**The problem:** Using the data below, copy each line that includes the word "layers".

**Extracted information:**
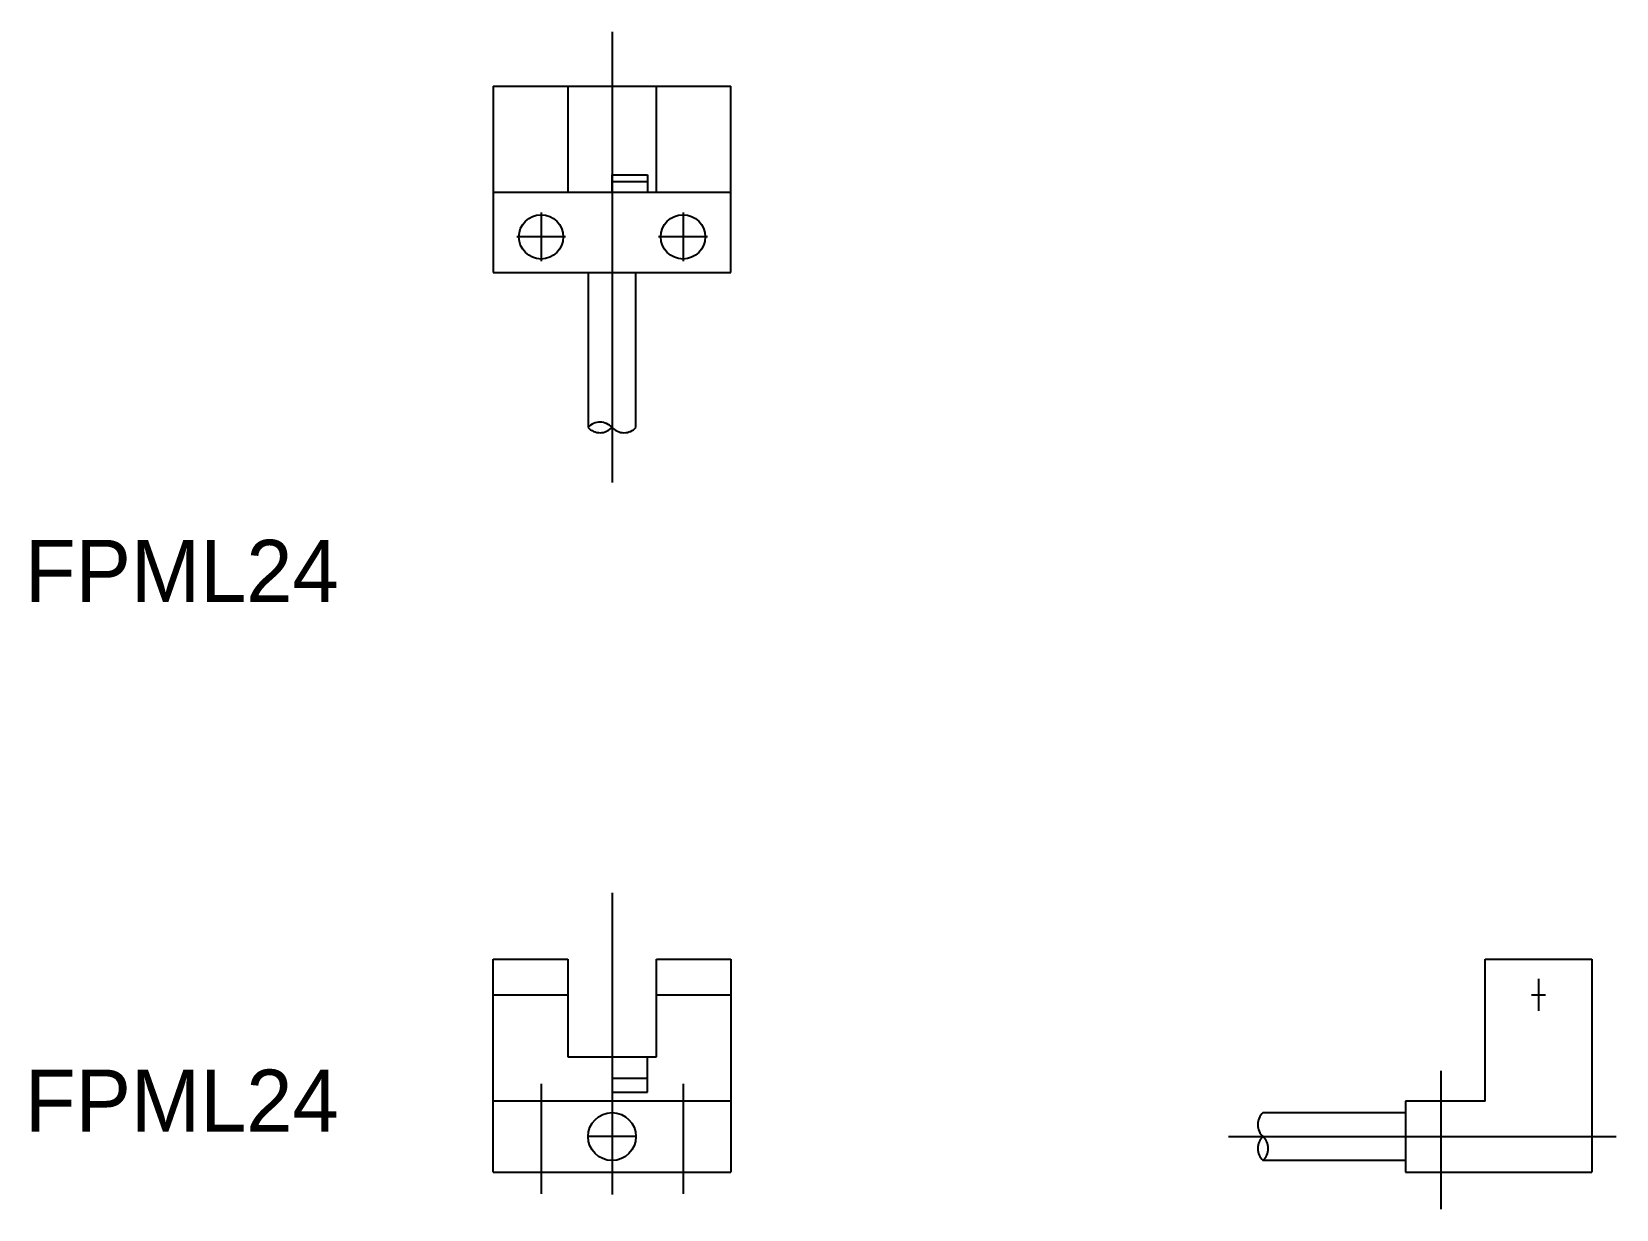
# Model space of a CAD drawing. Extents: x -38.7 to 50.6, y 25.6 to 92.
import ezdxf

# ---------------------------------------------------------------- set-up
doc = ezdxf.new("R2010")
doc.units = 0
doc.linetypes.add('CENTER', pattern=[50.8, 31.75, -6.35, 6.35, -6.35])
doc.layers.get('0').update_dxf_attribs({"linetype": 'CONTINUOUS'})
doc.layers.add('CENTER', color=1, linetype='CENTER')

msp = doc.modelspace()

# ---------------------------------------------------------------- linework, layer by layer
at = {"linetype": 'CONTINUOUS'}
for p, q in [((-12.695, 88.905), (0.705, 88.905)), ((-12.695, 88.905), (-12.695, 78.405)), ((-8.495, 88.905), (-8.495, 82.905)), ((-3.495, 82.905), (-3.495, 88.905)), ((0.705, 78.405), (0.705, 88.905)), ((-5.995, 83.905), (-3.995, 83.905)), ((-5.995, 82.905), (-5.995, 83.905)), ((-3.995, 83.505), (-5.995, 83.505)), ((-3.995, 83.905), (-3.995, 82.905)), ((0.705, 82.905), (-12.695, 82.905)), ((-12.695, 78.405), (0.705, 78.405)), ((-7.345, 78.405), (-7.345, 69.655)), ((-4.645, 69.655), (-4.645, 78.405)), ((-12.695, 39.655), (-8.495, 39.655)), ((-12.695, 27.655), (-12.695, 39.655)), ((-8.495, 39.655), (-8.495, 34.155)), ((-3.495, 39.655), (0.705, 39.655)), ((-3.495, 34.155), (-3.495, 39.655)), ((0.705, 39.655), (0.705, 27.655)), ((43.237, 31.655), (43.237, 39.655)), ((43.237, 39.655), (49.237, 39.655)), ((49.237, 39.655), (49.237, 27.655)), ((-12.695, 37.655), (-8.495, 37.655)), ((-3.495, 37.655), (0.705, 37.655)), ((-8.495, 34.155), (-3.495, 34.155)), ((-5.995, 34.155), (-5.995, 32.155)), ((-3.995, 32.155), (-3.995, 34.155)), ((-5.995, 32.955), (-3.995, 32.955)), ((0.705, 31.655), (-12.695, 31.655)), ((-5.995, 32.155), (-3.995, 32.155)), ((38.737, 31.655), (38.737, 27.655)), ((43.237, 31.655), (38.737, 31.655)), ((30.705, 31.005), (38.737, 31.005)), ((38.737, 28.305), (30.705, 28.305)), ((-12.695, 27.655), (0.705, 27.655)), ((38.737, 27.655), (49.237, 27.655))]:
    msp.add_line(p, q, dxfattribs=at)
for centre, radius in [((-9.995, 80.405), 1.25), ((-1.995, 80.405), 1.25), ((-5.995, 29.655), 1.35)]:
    msp.add_circle(centre, radius, dxfattribs=at)
for centre, start, end in [((-6.67, 69.035), 42.38634, 137.44439), ((-6.67, 69.035), 42.38634, 137.44439), ((-6.67, 70.275), 222.55561, 317.61366), ((-6.67, 70.275), 222.55561, 317.61366), ((-5.32, 70.275), 222.38634, 317.44439), ((31.324, 30.33), 132.55561, 227.61366), ((31.324, 28.98), 132.38634, 227.44439), ((31.324, 28.98), 132.38634, 227.44439), ((30.085, 28.98), 312.55561, 47.61366), ((30.085, 28.98), 312.55561, 47.61366)]:
    msp.add_arc(centre, 0.916, start, end, dxfattribs=at)
at = {"layer": 'CENTER'}
for p, q in [((-5.995, 91.98), (-5.995, 66.541)), ((28.765, 29.655), (50.621, 29.655))]:
    msp.add_line(p, q, dxfattribs=at)
at = {"layer": 'CENTER', "linetype": 'CENTER'}
for p, q in [((-9.995, 81.78), (-9.995, 79.03)), ((-1.995, 81.78), (-1.995, 79.03)), ((-8.62, 80.405), (-11.37, 80.405)), ((-0.62, 80.405), (-3.37, 80.405)), ((-5.995, 43.407), (-5.995, 26.383)), ((46.237, 38.555), (46.237, 36.755)), ((45.837, 37.655), (46.637, 37.655)), ((40.737, 33.37), (40.737, 25.552)), ((-9.995, 32.634), (-9.995, 26.427)), ((-1.995, 32.634), (-1.995, 26.427)), ((-4.62, 29.655), (-7.37, 29.655))]:
    msp.add_line(p, q, dxfattribs=at)

# ---------------------------------------------------------------- texts
for p in [(-39.097, 59.814), (-39.097, 29.932)]:
    msp.add_text('FPML24', height=3.5).set_placement(p)

doc.saveas('drawing.dxf')

**Answer to this task:**
doc.layers.get('0').update_dxf_attribs({"linetype": 'CONTINUOUS'})
doc.layers.add('CENTER', color=1, linetype='CENTER')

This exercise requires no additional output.